Tampa Bay Times lands $75K grant for investigative journalism

tampa bay times David Straz
The grant will help fund investigative journalism in the Tampa Bay area.

The Tampa Bay Times got an early visit from Santa, and the paper is looking to capitalize.

In an email to subscribers Tuesday, the Times pleads with readers to “double your impact” by contributing to the paper’s investigative fund, with helps pay for in-depth investigative reporting.

A major supporter — the Hennecke Family Foundation — pledged $75,000 to the fund to match donations.

“Lunching with a friend the other day, I heard something I could not ignore. ‘The media is dying but that’s OK, something else will come along and take its place.’ Journalism is essential to democracy, and there is nothing else,” the foundation said of its donation.

In addition to revenue the Times derives from advertising and subscriptions, it also solicits donations to two funds — a general journalism fund and the investigative fund to pay for enterprising investigations.

The Times notes “investigative journalism is the most expensive — and important — work” it does.

Funding in recent years has helped pay for the oft-cited “Failure Factories” investigation that uncovered systemic problems in the Pinellas County public education system that led to failing scores at five local schools. Last year, the Times exposed a controversial policing initiative in Pasco County in which the Sheriff’s Office utilized so-called informed policing practices to target individuals deemed high-risk for criminal activity, which led often to harassment without probable cause. Earlier this year, a Times investigation highlighted how hundreds of workers at a Tampa factory were exposed to extreme amounts of lead, landing reporters a Sydney award.

The policing expose won a Pulitzer Prize for local reporting.

The $75,000 matching grant comes as the Times, like countless other newspapers, faces dire financial circumstances as advertising revenues wane and subscriptions fail to bridge the gap.

In recent years, the Times has undergone a series of cutbacks, including staff layoffs, pay cuts, mandatory furloughs and a massive sell-off of Times-owned properties. Liens have also been placed on the paper over pension payment defaults.

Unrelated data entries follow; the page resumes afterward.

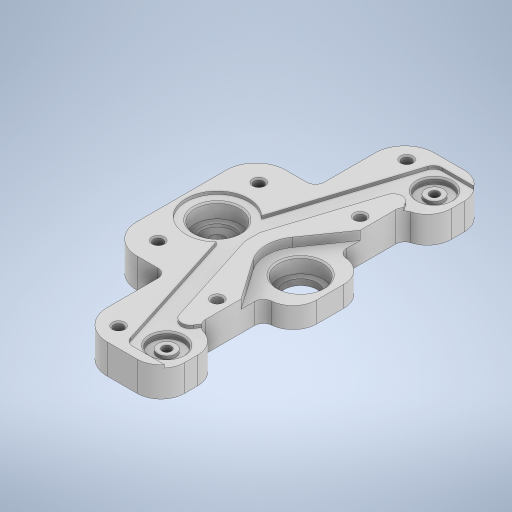
# Autodesk Inventor part: top
Saved by Autodesk Inventor 2023.1 (Build 271208000, 208)
## iProperties
Created: 2023-11-16
Part Number: top
Material: Všeobecné
Document SubType Name: Modeling
Designer: zavrel
Density: 1 g/cm^3
Appearance: Výchozí
Author: zavrel
Autodesk Inventor part; units mm, degrees
ref_plane "YZ Plane" through (0, 0, 0) normal (1, 0, 0) x (0, 1, 0)
ref_plane "XZ Plane" through (0, 0, 0) normal (0, 1, 0) x (-1, 0, 0)
ref_plane "XY Plane" through (0, 0, 0) normal (0, 0, 1) x (1, 0, 0)
sketch "Náčrt1" plane through (0, 0, 0) normal (0, 1, 0) x (-1, 0, 0)
  line L0 (-26.1298, 2.5) -> (-26.1298, 15)
  line L1 (-26.1298, 15) -> (-16.1298, 15)
  line L2 (-16.1298, 15) -> (-16.1298, 37.5)
  line L3 (-16.1298, 37.5) -> (-24.1298, 37.5)
  line L4 (-24.1298, 37.5) -> (-24.1298, 57.5)
  line L5 (-24.1298, 57.5) -> (-16.1298, 57.5)
  line L6 (-16.1298, 57.5) -> (3.8702, 57.5)
  line L7 (3.8702, 57.5) -> (3.8702, 27.5)
  line L8 (3.8702, 27.5) -> (23.8702, 27.5)
  line L9 (23.8702, 27.5) -> (23.8702, 2.5)
  line L10 (23.8702, 2.5) -> (-26.1298, 2.5) construction
  line L11 (-26.1298, 2.5) -> (-26.1298, -10)
  line L12 (-26.1298, -10) -> (-16.1298, -10)
  line L13 (-16.1298, -10) -> (-16.1298, -32.5)
  line L14 (-16.1298, -32.5) -> (-24.1298, -32.5)
  line L15 (-24.1298, -32.5) -> (-24.1298, -52.5)
  line L16 (-24.1298, -52.5) -> (-16.1298, -52.5)
  line L17 (-16.1298, -52.5) -> (3.8702, -52.5)
  line L18 (3.8702, -52.5) -> (3.8702, -22.5)
  line L19 (3.8702, -22.5) -> (23.8702, -22.5)
  line L20 (23.8702, -22.5) -> (23.8702, 2.5)
  circle A0 centre (-16.1298, 47.5) radius 5.5
  line L21 (-24.1298, 47.5) -> (17.4251, 47.5) construction
  circle A1 centre (-16.1298, -42.5) radius 5.5
  line L22 (-24.1298, -42.5) -> (17.4251, -42.5) construction
  circle A2 centre (11.8702, 2.5) radius 7.5
  circle A3 centre (-16.1298, 2.5) radius 7.5
  line L23 (-16.1298, 47.5) -> (-16.1298, -42.5) construction
  point P0 (0, 0)
  point P1 (-26.1298, 8.75)
  point P2 (-16.1298, 2.5)
  dimension "d0" = 25
  dimension "d1" = 50
  dimension "d3" = 20
  dimension "d4" = 8
  dimension "d5" = 20
  dimension "d6" = 20
  dimension "d7" = 11
  dimension "d8" = 90
  dimension "d9" = 8
  dimension "d10" = 15
  dimension "d13" = 15
  dimension "d15" = 12
  dimension "d17" = 10
  constraints: 48 end point, 12 symmetric about line, 9 perpendicular, 8 point on line, 4 centre point, 4 midpoint, 2 vertical, 1 horizontal, 1 other
  measures "d0" distance between parallel lines of L12 L1
  measures "d1" distance between parallel lines of L19 L8
  measures "d3" distance of L3.end L4.end
  measures "d4" distance between parallel lines of L13 L15
  measures "d5" distance between parallel lines of L13 L18
  measures "d6" distance between parallel lines of L18 L20
  measures "d7" diameter of A0
  measures "d8" distance of L23.end L23.start
  measures "d9" distance from line of L4 L23.start
  measures "d10" diameter of A2
  measures "d13" diameter of A3
  measures "d15" distance from line of L9 A2.centre
  measures "d17" distance of L11.end L12.end
extrude "Vysunutí1" add sketch "Náčrt1" along normal blind 10
sketch "Náčrt2" plane through (0, 0, 0) normal (0, -1, 0) x (1, 0, 0)
  line L0 (16.1298, -10) -> (16.1298, -32.5) projected
  line L1 (26.1298, -10) -> (16.1298, -10) projected
  line L2 (26.1298, 15) -> (26.1298, -10) projected
  line L3 (16.1298, 15) -> (26.1298, 15) projected
  line L4 (16.1298, 37.5) -> (16.1298, 15) projected
  line L5 (24.1298, 37.5) -> (16.1298, 37.5) projected
  line L6 (24.1298, 57.5) -> (24.1298, 37.5) projected
  line L7 (-3.8702, 57.5) -> (24.1298, 57.5) projected
  line L8 (-3.8702, 27.5) -> (-3.8702, 57.5) projected
  line L9 (-23.8702, 27.5) -> (-3.8702, 27.5) projected
  line L10 (-23.8702, -22.5) -> (-23.8702, 27.5) projected
  line L11 (-3.8702, -22.5) -> (-23.8702, -22.5) projected
  line L12 (-3.8702, -52.5) -> (-3.8702, -22.5) projected
  line L13 (24.1298, -52.5) -> (-3.8702, -52.5) projected
  line L14 (24.1298, -32.5) -> (24.1298, -52.5) projected
  line L15 (16.1298, -32.5) -> (24.1298, -32.5) projected
  circle A0 centre (16.1298, 47.5) radius 5.5 projected
  circle A1 centre (16.1298, -42.5) radius 5.5 projected
  circle A2 centre (-11.8702, 2.5) radius 7.5 projected
  circle A3 centre (16.1298, 2.5) radius 7.5 projected
  circle A4 centre (16.1298, -42.5) radius 1.5
  circle A5 centre (16.1298, 47.5) radius 5.5 projected
  circle A6 centre (16.1298, 47.5) radius 1.5
  point P0 (0, 0)
  dimension "d20" = 3
  constraints: 2 centre point, 2 coincident, 1 equal radius
  measures "d20" diameter of A6
extrude "Vysunutí2" add sketch "Náčrt2" against normal blind 8 contours A0 | A1
sketch "Náčrt3" plane through (0, 0, 0) normal (0, -1, 0) x (1, 0, 0)
  circle A0 centre (16.1298, 47.5) radius 1.5 projected
  circle A1 centre (16.1298, -42.5) radius 1.5 projected
  line L0 (16.1298, -10) -> (16.1298, -32.5) projected
  line L1 (26.1298, -10) -> (16.1298, -10) projected
  line L2 (26.1298, 15) -> (26.1298, -10) projected
  line L3 (16.1298, 15) -> (26.1298, 15) projected
  line L4 (16.1298, 37.5) -> (16.1298, 15) projected
  line L5 (24.1298, 37.5) -> (16.1298, 37.5) projected
  line L6 (24.1298, 57.5) -> (24.1298, 37.5) projected
  line L7 (-3.8702, 57.5) -> (24.1298, 57.5) projected
  line L8 (-3.8702, 27.5) -> (-3.8702, 57.5) projected
  line L9 (-23.8702, 27.5) -> (-3.8702, 27.5) projected
  line L10 (-23.8702, -22.5) -> (-23.8702, 27.5) projected
  line L11 (-3.8702, -22.5) -> (-23.8702, -22.5) projected
  line L12 (-3.8702, -52.5) -> (-3.8702, -22.5) projected
  line L13 (24.1298, -52.5) -> (-3.8702, -52.5) projected
  line L14 (24.1298, -32.5) -> (24.1298, -52.5) projected
  line L15 (16.1298, -32.5) -> (24.1298, -32.5) projected
  circle A2 centre (-11.8702, 2.5) radius 7.5 projected
  circle A3 centre (16.1298, 2.5) radius 7.5 projected
  circle A4 centre (16.1298, 2.5) radius 5.5
  point P0 (0, 0)
  dimension "d24" = 11
  constraints: 1 centre point, 1 coincident
  measures "d24" diameter of A4
extrude "Vysunutí3" add sketch "Náčrt3" against normal blind 2 contours A3
sketch "Náčrt4" plane through (0, 0, 0) normal (0, -1, 0) x (1, 0, 0)
  circle A0 centre (16.1298, 2.5) radius 5.5 projected
  circle A1 centre (16.1298, 47.5) radius 1.5 projected
  circle A2 centre (16.1298, -42.5) radius 1.5 projected
  line L0 (16.1298, -10) -> (16.1298, -32.5) projected
  line L1 (26.1298, -10) -> (16.1298, -10) projected
  line L2 (26.1298, 15) -> (26.1298, -10) projected
  line L3 (16.1298, 15) -> (26.1298, 15) projected
  line L4 (16.1298, 37.5) -> (16.1298, 15) projected
  line L5 (24.1298, 37.5) -> (16.1298, 37.5) projected
  line L6 (24.1298, 57.5) -> (24.1298, 37.5) projected
  line L7 (-3.8702, 57.5) -> (24.1298, 57.5) projected
  line L8 (-3.8702, 27.5) -> (-3.8702, 57.5) projected
  line L9 (-23.8702, 27.5) -> (-3.8702, 27.5) projected
  line L10 (-23.8702, -22.5) -> (-23.8702, 27.5) projected
  line L11 (-3.8702, -22.5) -> (-23.8702, -22.5) projected
  line L12 (-3.8702, -52.5) -> (-3.8702, -22.5) projected
  line L13 (24.1298, -52.5) -> (-3.8702, -52.5) projected
  line L14 (24.1298, -32.5) -> (24.1298, -52.5) projected
  line L15 (16.1298, -32.5) -> (24.1298, -32.5) projected
  circle A3 centre (-11.8702, 2.5) radius 7.5 projected
  circle A4 centre (-11.8702, 2.5) radius 2.5
  point P0 (0, 0)
  dimension "d27" = 5
  constraints: 1 centre point, 1 coincident
  measures "d27" diameter of A4
extrude "Vysunutí4" add sketch "Náčrt4" against normal blind 3 contours A3
sketch "Náčrt5" plane through (-11.8702, 3, 2.5) normal (0, 1, 0) x (1, 0, 0)
  circle A0 centre (0, 0) radius 7.5 projected
  circle A1 centre (0, 0) radius 2.5 projected
  circle A2 centre (0, 0) radius 2.5 projected
  circle A3 centre (0, 0) radius 5.5
  point P0 (11.8702, 2.5)
  dimension "d36" = 2
  constraints: 1 centre point, 1 coincident
  measures "d36" radial gap between concentric circles of A0 A3
extrude "Vysunutí5" add sketch "Náčrt5" along normal blind 1 contours A0
sketch "Náčrt6" plane through (16.1298, 8, -42.5) normal (0, 1, 0) x (1, 0, 0)
  circle A0 centre (0, -90) radius 5.5 projected
  circle A1 centre (0, -90) radius 1.5 projected
  circle A2 centre (0, 0) radius 5.5 projected
  circle A3 centre (0, 0) radius 1.5 projected
  circle A4 centre (0, -90) radius 1.5 projected
  circle A5 centre (0, -90) radius 3
  circle A6 centre (0, 0) radius 1.5 projected
  circle A7 centre (0, 0) radius 3
  point P0 (-16.1298, -42.5)
  dimension "d33" = 1.5
  constraints: 2 centre point, 2 coincident, 1 equal radius
  measures "d33" radial gap between concentric circles of A5 A1
extrude "Vysunutí6" cut sketch "Náčrt6" against normal blind 1 contours A0 | A2
sketch "Náčrt7" plane through (0, 10, 0) normal (0, 1, 0) x (1, 0, 0)
  line L0 (16.1298, 10) -> (16.1298, 32.5) projected
  line L1 (16.1298, 32.5) -> (24.1298, 32.5) projected
  line L2 (24.1298, 32.5) -> (24.1298, 52.5) projected
  line L3 (24.1298, 52.5) -> (-3.8702, 52.5) projected
  line L4 (-3.8702, 52.5) -> (-3.8702, 22.5) projected
  line L5 (-3.8702, 22.5) -> (-23.8702, 22.5) projected
  line L6 (-23.8702, 22.5) -> (-23.8702, -27.5) projected
  line L7 (-23.8702, -27.5) -> (-3.8702, -27.5) projected
  line L8 (-3.8702, -27.5) -> (-3.8702, -57.5) projected
  line L9 (-3.8702, -57.5) -> (24.1298, -57.5) projected
  line L10 (24.1298, -57.5) -> (24.1298, -37.5) projected
  line L11 (24.1298, -37.5) -> (16.1298, -37.5) projected
  line L12 (16.1298, -37.5) -> (16.1298, -15) projected
  line L13 (16.1298, -15) -> (26.1298, -15) projected
  line L14 (26.1298, -15) -> (26.1298, 10) projected
  line L15 (26.1298, 10) -> (16.1298, 10) projected
  circle A0 centre (16.1298, -47.5) radius 5.5 projected
  circle A1 centre (16.1298, 42.5) radius 5.5 projected
  circle A2 centre (-11.8702, -2.5) radius 7.5 projected
  circle A3 centre (16.1298, -2.5) radius 7.5 projected
  circle A4 centre (16.1298, -47.5) radius 5.5 construction
  line L16 (10.8899, -49.1715) -> (-4.7249, -0.2207) construction
  circle A5 centre (-11.8702, -2.5) radius 7.5 construction
  line L17 (-4.7249, -4.7793) -> (10.8899, 44.1715) construction
  circle A6 centre (16.1298, 42.5) radius 5.5 projected
  line L18 (12.213, -43.4476) -> (-0.0467, -5.0148)
  line L19 (16.1298, -37.5) -> (16.1298, -15) projected
  line L20 (16.1298, -37.5) -> (12.213, -43.4476)
  line L21 (24.1298, 32.5) -> (24.1298, 52.5) projected
  line L22 (24.1298, -54.5) -> (9.5373, -54.5)
  circle A7 centre (-11.8702, -2.5) radius 10.5
  line L23 (9.5373, -54.5) -> (-4.6257, -10.1005)
  line L24 (-0.0467, -2.5) -> (-0.0467, -5.0148)
  circle A8 centre (-11.8702, -2.5) radius 2.5 construction
  line L25 (-11.8702, -2.5) -> (16.1298, -2.5) construction
  line L26 (12.213, 38.4476) -> (-0.0467, 0.0148)
  line L27 (16.1298, 32.5) -> (12.213, 38.4476)
  line L28 (24.1298, 49.5) -> (9.5373, 49.5)
  line L29 (9.5373, 49.5) -> (-4.6257, 5.1005)
  line L30 (-0.0467, -2.5) -> (-0.0467, 0.0148)
  point P0 (0, 0)
  point P1 (-4.6257, 5.1005)
  dimension "d39" = 3
  dimension "d43" = 3
  dimension "d44" = 3
  constraints: 26 end point, 5 symmetric about line, 3 tangent, 2 horizontal, 2 parallel, 2 point on circle, 2 point on line, 1 vertical, 9 other
  measures "d39" distance between parallel lines of L16 L18
  measures "d43" distance between parallel lines of L9 L22
extrude "Extrusion7" cut sketch "Náčrt7" against normal blind 1 contours L27 L26 L30 L24 L18 L20 L11 L10 L22 L23 A7 L29 L28 L2 L1 | A7
sketch "Sketch8" plane through (0, 10, 0) normal (0, 1, 0) x (1, 0, 0)
  line L0 (16.1298, 32.5) -> (12.213, 38.4476) projected
  line L1 (12.213, 38.4476) -> (-0.0467, 0.0148) projected
  line L2 (-0.0467, 0.0148) -> (-0.0467, -5.0148) projected
  line L3 (-0.0467, -5.0148) -> (12.213, -43.4476) projected
  line L4 (12.213, -43.4476) -> (16.1298, -37.5) projected
  line L5 (16.1298, -37.5) -> (16.1298, -15) projected
  line L6 (16.1298, -15) -> (26.1298, -15) projected
  line L7 (26.1298, -15) -> (26.1298, 10) projected
  line L8 (26.1298, 10) -> (16.1298, 10) projected
  line L9 (16.1298, 10) -> (16.1298, 32.5) projected
  circle A0 centre (16.1298, -2.5) radius 7.5 projected
  circle A1 centre (16.1298, -2.5) radius 11.4868
  line L10 (16.1298, 10) -> (16.1298, 32.5) projected
  line L11 (16.1298, 17.5) -> (6.7265, 4.0973)
  line L12 (16.1298, -22.5) -> (6.7265, -9.0973)
  point P0 (0, 0)
  point P1 (18.102, 10)
  point P2 (18.102, -15)
  point P3 (26.1298, 3.152)
  point P4 (26.1298, -8.152)
  dimension "d49" = 20
  constraints: 4 end point, 2 point on circle, 2 point on line, 2 tangent, 1 centre point, 1 equal length
  measures "d49" distance of A0.centre L11.start
extrude "Extrusion8" cut sketch "Sketch8" against normal blind 3 contours L9 L8 L7 A1 L11 | A1 L7 | A1 L7 L6 L5 L12 | A0 picked at (25.2965, -2.5)
sketch "Sketch9" plane through (0, 10, 0) normal (0, 1, 0) x (1, 0, 0)
  line L0 (9.5373, 49.5) -> (24.1298, 49.5) projected
  line L1 (24.1298, 49.5) -> (24.1298, 52.5) projected
  line L2 (24.1298, 52.5) -> (-3.8702, 52.5) projected
  line L3 (-3.8702, 52.5) -> (-3.8702, 22.5) projected
  line L4 (-3.8702, 22.5) -> (-23.8702, 22.5) projected
  line L5 (-23.8702, 22.5) -> (-23.8702, -27.5) projected
  line L6 (-23.8702, -27.5) -> (-3.8702, -27.5) projected
  line L7 (-3.8702, -27.5) -> (-3.8702, -57.5) projected
  line L8 (-3.8702, -57.5) -> (24.1298, -57.5) projected
  line L9 (24.1298, -57.5) -> (24.1298, -54.5) projected
  line L10 (24.1298, -54.5) -> (9.5373, -54.5) projected
  line L11 (9.5373, -54.5) -> (-4.6257, -10.1005) projected
  arc A0 (-4.6257, 5.1005) -> (-4.6257, -10.1005) centre (-11.8702, -2.5) ccw projected
  line L12 (-4.6257, 5.1005) -> (9.5373, 49.5) projected
  line L13 (16.1298, -22.5) -> (6.7265, -9.0973) projected
  arc A1 (6.7265, 4.0973) -> (6.7265, -9.0973) centre (16.1298, -2.5) ccw projected
  line L14 (6.7265, 4.0973) -> (16.1298, 17.5) projected
  line L15 (16.1298, 17.5) -> (16.1298, 32.5) projected
  line L16 (16.1298, 32.5) -> (12.213, 38.4476) projected
  line L17 (12.213, 38.4476) -> (-0.0467, 0.0148) projected
  line L18 (-0.0467, 0.0148) -> (-0.0467, -5.0148) projected
  line L19 (-0.0467, -5.0148) -> (12.213, -43.4476) projected
  line L20 (12.213, -43.4476) -> (16.1298, -37.5) projected
  line L21 (16.1298, -37.5) -> (16.1298, -22.5) projected
  circle A2 centre (16.1298, -2.5) radius 7.5 projected
  line L22 (26.1298, 10) -> (26.1298, -15) projected
  line L23 (16.1298, 10) -> (26.1298, 10) projected
  line L24 (16.1298, 17.5) -> (16.1298, 10) projected
  line L25 (6.7265, 4.0973) -> (16.1298, 17.5) projected
  arc A3 (6.7265, 4.0973) -> (6.7265, -9.0973) centre (16.1298, -2.5) ccw projected
  line L26 (16.1298, -22.5) -> (6.7265, -9.0973) projected
  line L27 (16.1298, -15) -> (16.1298, -22.5) projected
  line L28 (26.1298, -15) -> (16.1298, -15) projected
  line L29 (12.213, -43.4476) -> (16.1298, -37.5) projected
  line L30 (-0.0467, -5.0148) -> (12.213, -43.4476) projected
  line L31 (-0.0467, 0.0148) -> (-0.0467, -5.0148) projected
  line L32 (12.213, 38.4476) -> (-0.0467, 0.0148) projected
  line L33 (16.1298, 32.5) -> (12.213, 38.4476) projected
  line L34 (24.1298, 32.5) -> (16.1298, 32.5) projected
  line L35 (24.1298, 49.5) -> (24.1298, 32.5) projected
  line L36 (9.5373, 49.5) -> (24.1298, 49.5) projected
  line L37 (-4.6257, 5.1005) -> (9.5373, 49.5) projected
  arc A4 (-4.6257, 5.1005) -> (-4.6257, -10.1005) centre (-11.8702, -2.5) ccw projected
  line L38 (9.5373, -54.5) -> (-4.6257, -10.1005) projected
  line L39 (24.1298, -54.5) -> (9.5373, -54.5) projected
  line L40 (24.1298, -37.5) -> (24.1298, -54.5) projected
  line L41 (16.1298, -37.5) -> (24.1298, -37.5) projected
  circle A5 centre (-11.8702, -2.5) radius 7.5 projected
  circle A6 centre (16.1298, 42.5) radius 5.5 projected
  circle A7 centre (16.1298, -47.5) radius 5.5 projected
  circle A8 centre (3.3734, -50.9251) radius 1.6
  circle A9 centre (12.1298, -26.5254) radius 1.6
  circle A10 centre (-14.8339, -19.4088) radius 1.6
  line L42 (-11.8702, -2.5) -> (16.1298, -2.5) construction
  circle A11 centre (3.3734, 45.9251) radius 1.6
  circle A12 centre (12.1298, 21.5254) radius 1.6
  circle A13 centre (-14.8339, 14.4088) radius 1.6
  point P0 (0, 0)
  dimension "d51" = 6.5749
  dimension "d52" = 7.2436
  dimension "d53" = 9.0363
  dimension "d54" = 8.0912
  dimension "d55" = 11.5254
  dimension "d56" = 4
  dimension "d57" = 3.2
  constraints: 6 centre point, 3 symmetric about line, 2 end point, 2 equal radius, 1 horizontal, 3 other
  measures "d51" distance from line of L8 A8.centre
  measures "d52" distance from line of L7 A8.centre
  measures "d53" distance from line of L5 A10.centre
  measures "d54" distance from line of L6 A10.centre
  measures "d55" distance from line of L28 A9.centre
  measures "d56" distance from line of A9.centre L21
  measures "d57" diameter of A10
extrude "Extrusion9" cut sketch "Sketch9" against normal up to surface (10 mm away) contours A8 | A9 | A10 | A11 | A12 | A13
fillet "Fillet1" radius 10 4 edges at (-23.8702, 5, 27.5) (-23.8702, 5, -22.5) (-3.8702, 5, 57.5) (-3.8702, 5, -52.5)
fillet "Fillet2" radius 3 6 edges at (16.1298, 3.5, -10) (16.1298, 4.5, -32.5) (16.1298, 3.5, 15) (16.1298, 4.5, 37.5) (-3.8702, 5, -22.5) (-3.8702, 5, 27.5)
fillet "Fillet3" radius 8 4 edges at (24.1298, 5, 57.5) (24.1298, 4.5, 37.5) (24.1298, 4.5, -32.5) (24.1298, 5, -52.5)
fillet "Fillet4" radius 8 2 edges at (26.1298, 3.5, 15) (26.1298, 3.5, -10)
fillet "Fillet5" radius 3 4 edges at (9.5373, 9.5, 54.5) (12.213, 9.5, 43.4476) (12.213, 9.5, -38.4476) (9.5373, 9.5, -49.5)
chamfer "Chamfer1" distance 0.5 angle 45 10 edges at (21.6298, 9, 47.5) (23.6298, 7, 2.5) (-4.3702, 9, 2.5) (21.6298, 9, -42.5) (1.7734, 10, 50.9251) (-16.4339, 10, 19.4088) (-16.4339, 10, -14.4088) (1.7734, 10, -45.9251) (10.5298, 10, -21.5254) (10.5298, 10, 26.5254)
sketch "Sketch10" plane through (0, 0, 0) normal (0, -1, 0) x (1, 0, 0)
  point P0 (0, 0)

In a letter to Times staffers and retirees dated Nov. 26, Paul Tash, CEO and Chairman, announced the Pension Benefit Guaranty Corp. had decided “to terminate the Times plan, assume the plan’s assets and take over the payment of your benefits.”

A Times story about the takeover said the fund was facing a funding gap of about $100 million.

Staff Reports

One comment

  • Larry Gillis, Libertarian (Cape Coral)

    December 2, 2021 at 3:39 pm

    These voluntary donations are an EXCELLENT idea, so long as there is no particular “agenda” attached to the money. After all, the “seeker-after-truth” orientation of newspapers (and media generally) is to be jealously guarded and protected.

    A better (long-term) solution is for a market-based approach, rather than depending on the kindness of strangers, as here. One major way to shed costs is to get away from publishing (and delivering) a print edition. Currently, newspapers are having to carry both systems on the back of a shrinking revenue stream. Not good. Readers’ preferences will eventually morph over into all-electronic modes, but I question whether newspapers will last that long.